# Need help!



## Feliks Karp (15/6/16)

A month ago or so I built my first little micro coil, was so proud of myself...now I'm addicted and obsessed with coils. Just about every day I have to fight the need to try a different ID, different wrap amount, combination of wires...will this ever end?  Will I ever be satisfied?

Reactions: Can relate 2


----------



## BumbleBee (15/6/16)

Feliks Karp said:


> A month ago or so I built my first little micro coil, was so proud of myself...now I'm addicted and obsessed with coils. Just about every day I have to fight the need to try a different ID, different wrap amount, combination of wires...will this ever end?  Will I ever be satisfied?


hehe, this too shall pass

Reactions: Agree 3


----------



## BumbleBee (15/6/16)

BumbleBee said:


> hehe, this too shall pass


...eventually

Reactions: Like 1


----------



## BumbleBee (15/6/16)

BumbleBee said:


> ...eventually


on second thought.... nope, it never ends

Reactions: Agree 1 | Funny 1


----------



## SQL -Jazz Guitar-Vapa (15/6/16)

Feliks Karp said:


> A month ago or so I built my first little micro coil, was so proud of myself...now I'm addicted and obsessed with coils. Just about every day I have to fight the need to try a different ID, different wrap amount, combination of wires...will this ever end?  Will I ever be satisfied?



Will pass 
I was the same but once you find that build that ticks all the boxes for you, you'll be settled

Reactions: Like 1 | Agree 1 | Can relate 1


----------



## Modulas (15/6/16)

Took me about a month to settle down

Reactions: Like 1


----------



## Cespian (15/6/16)

Lol, I'm at that point where I vape biltong coils because I'm too lazy to build. I try to clean off my builds (dry burn) and just rewick. I have a vape stand full of atties and tanks where some are waiting months to be rebuilt. I've even reverted to using an SMPL with a stubby tank or RDA with a simple 5wrap build. In the beginning, I couldnt get enough of the fancy builds, but I've settled down now haha. For me, extravagent is dual 10wraps 26g build in the RDA's that I use on the noisy cricket.
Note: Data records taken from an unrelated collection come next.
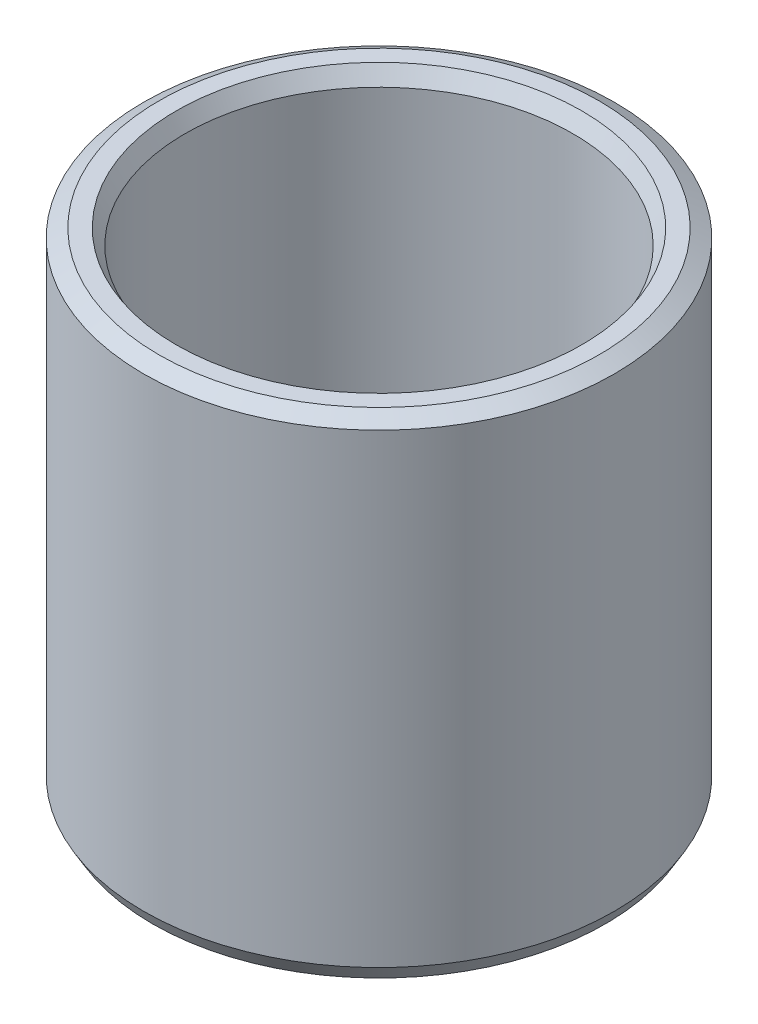
SolidWorks part; units mm, degrees
ref_plane "Front Plane" through (0, 0, 0) normal (0, 0, 1) x (1, 0, 0)
ref_plane "Top Plane" through (0, 0, 0) normal (0, 1, 0) x (1, 0, 0)
ref_plane "Right Plane" through (0, 0, 0) normal (1, 0, 0) x (0, 0, -1)
sketch "Sketch1" plane through (0, 0, 0) normal (0, 1, 0) x (1, 0, 0)
  circle A0 centre (0, 0) radius 37.5
  dimension "SLEEVE_OD" = 75
extrude "Boss-Extrude1" add sketch "Sketch1" along normal blind 77.9991
sketch "Sketch2" plane through (0, 0, 0) normal (0, 1, 0) x (1, 0, 0)
  circle A0 centre (0, 0) radius 30.8933
  dimension "BORE_D" = 61.7866
extrude "Cut-Extrude1" cut sketch "Sketch2" along normal through all
chamfer "Chamfer1" distance 1.4103 angle 60 4 edges at (0, 77.9991, 30.8933) (0, 0, 30.8933) (0, 0, 37.5) (0, 77.9991, 37.5) first distance on face at (0, 77.9991, 30.8933) first distance on face at (0, 0, 30.8933) first distance on face at (0, 77.9991, 37.5)

Reactions: Like 1 | Agree 1 | Funny 2


----------



## Feliks Karp (15/6/16)

Biltong coils my sides...

Reactions: Like 1


----------



## SQL -Jazz Guitar-Vapa (15/6/16)

Cespian said:


> Lol, I'm at that point where I vape biltong coils because I'm too lazy to build. I try to clean off my builds (dry burn) and just rewick. I have a vape stand full of atties and tanks where some are waiting months to be rebuilt. I've even reverted to using an SMPL with a stubby tank or RDA with a simple 5wrap build. In the beginning, I couldnt get enough of the fancy builds, but I've settled down now haha. For me, extravagent is dual 10wraps 26g build in the RDA's that I use on the noisy cricket.


Lol....biltong coils.
I'm the same, just a quick dry burn & rewick then I'm off to the races.
I'm mainly on Claptons and they tend to flame up a bit when dry burning, no biggie though, it's normal - Just ask @Lord Vetinari ......kidding

Reactions: Like 1 | Funny 1


----------



## Silver (15/6/16)

Feliks Karp said:


> A month ago or so I built my first little micro coil, was so proud of myself...now I'm addicted and obsessed with coils. Just about every day I have to fight the need to try a different ID, different wrap amount, combination of wires...will this ever end?  Will I ever be satisfied?



I hear you @Feliks Karp !
Same for me.
Been experimenting for about 2 years 

First it was the mini Protank 2. Cant believe that was one of my first rebuildables. Lol, couldnt see anything, it was so small. Ask @BhavZ

Then after several devices it was the RM2 on the Reo. I have built so many different coils varying just about everything. Spaced, compressed, ID, ribbon wire, normal wire, twisted, high up, low down. Lots of note taking. Lots of ideas in the shower or before bed and getting up to go try it....

Admittedly, these days I have my favourite coils for my main devices so i dont build daily. But every now and then out comes the coil notebook for some more testing. Recently it was the "new" Ni80 wire. First 26g but i got 28g this last weekend, so I have more coiling in store soon...

Nah, it never ends

My advice to you is to keep detailed notes of each coil, take a pic and write down initial impressions and impressions after a day or two. Get your winner setup for your device. And tweak it carefully and slowly. I see too many folk chasing new devices and not perfecting the coil...

Reactions: Like 3 | Agree 2


----------



## Greyz (15/6/16)

It never ends @Feliks Karp, even after you found your ideal build for your tank. You will buy a new tank and then the hunt for the perfect build will start all over. 
Then you get a new mod and again your chasing the perfect build. So long as CUD, FOMO and GAS are around it wont stop

Reactions: Agree 1 | Funny 1


----------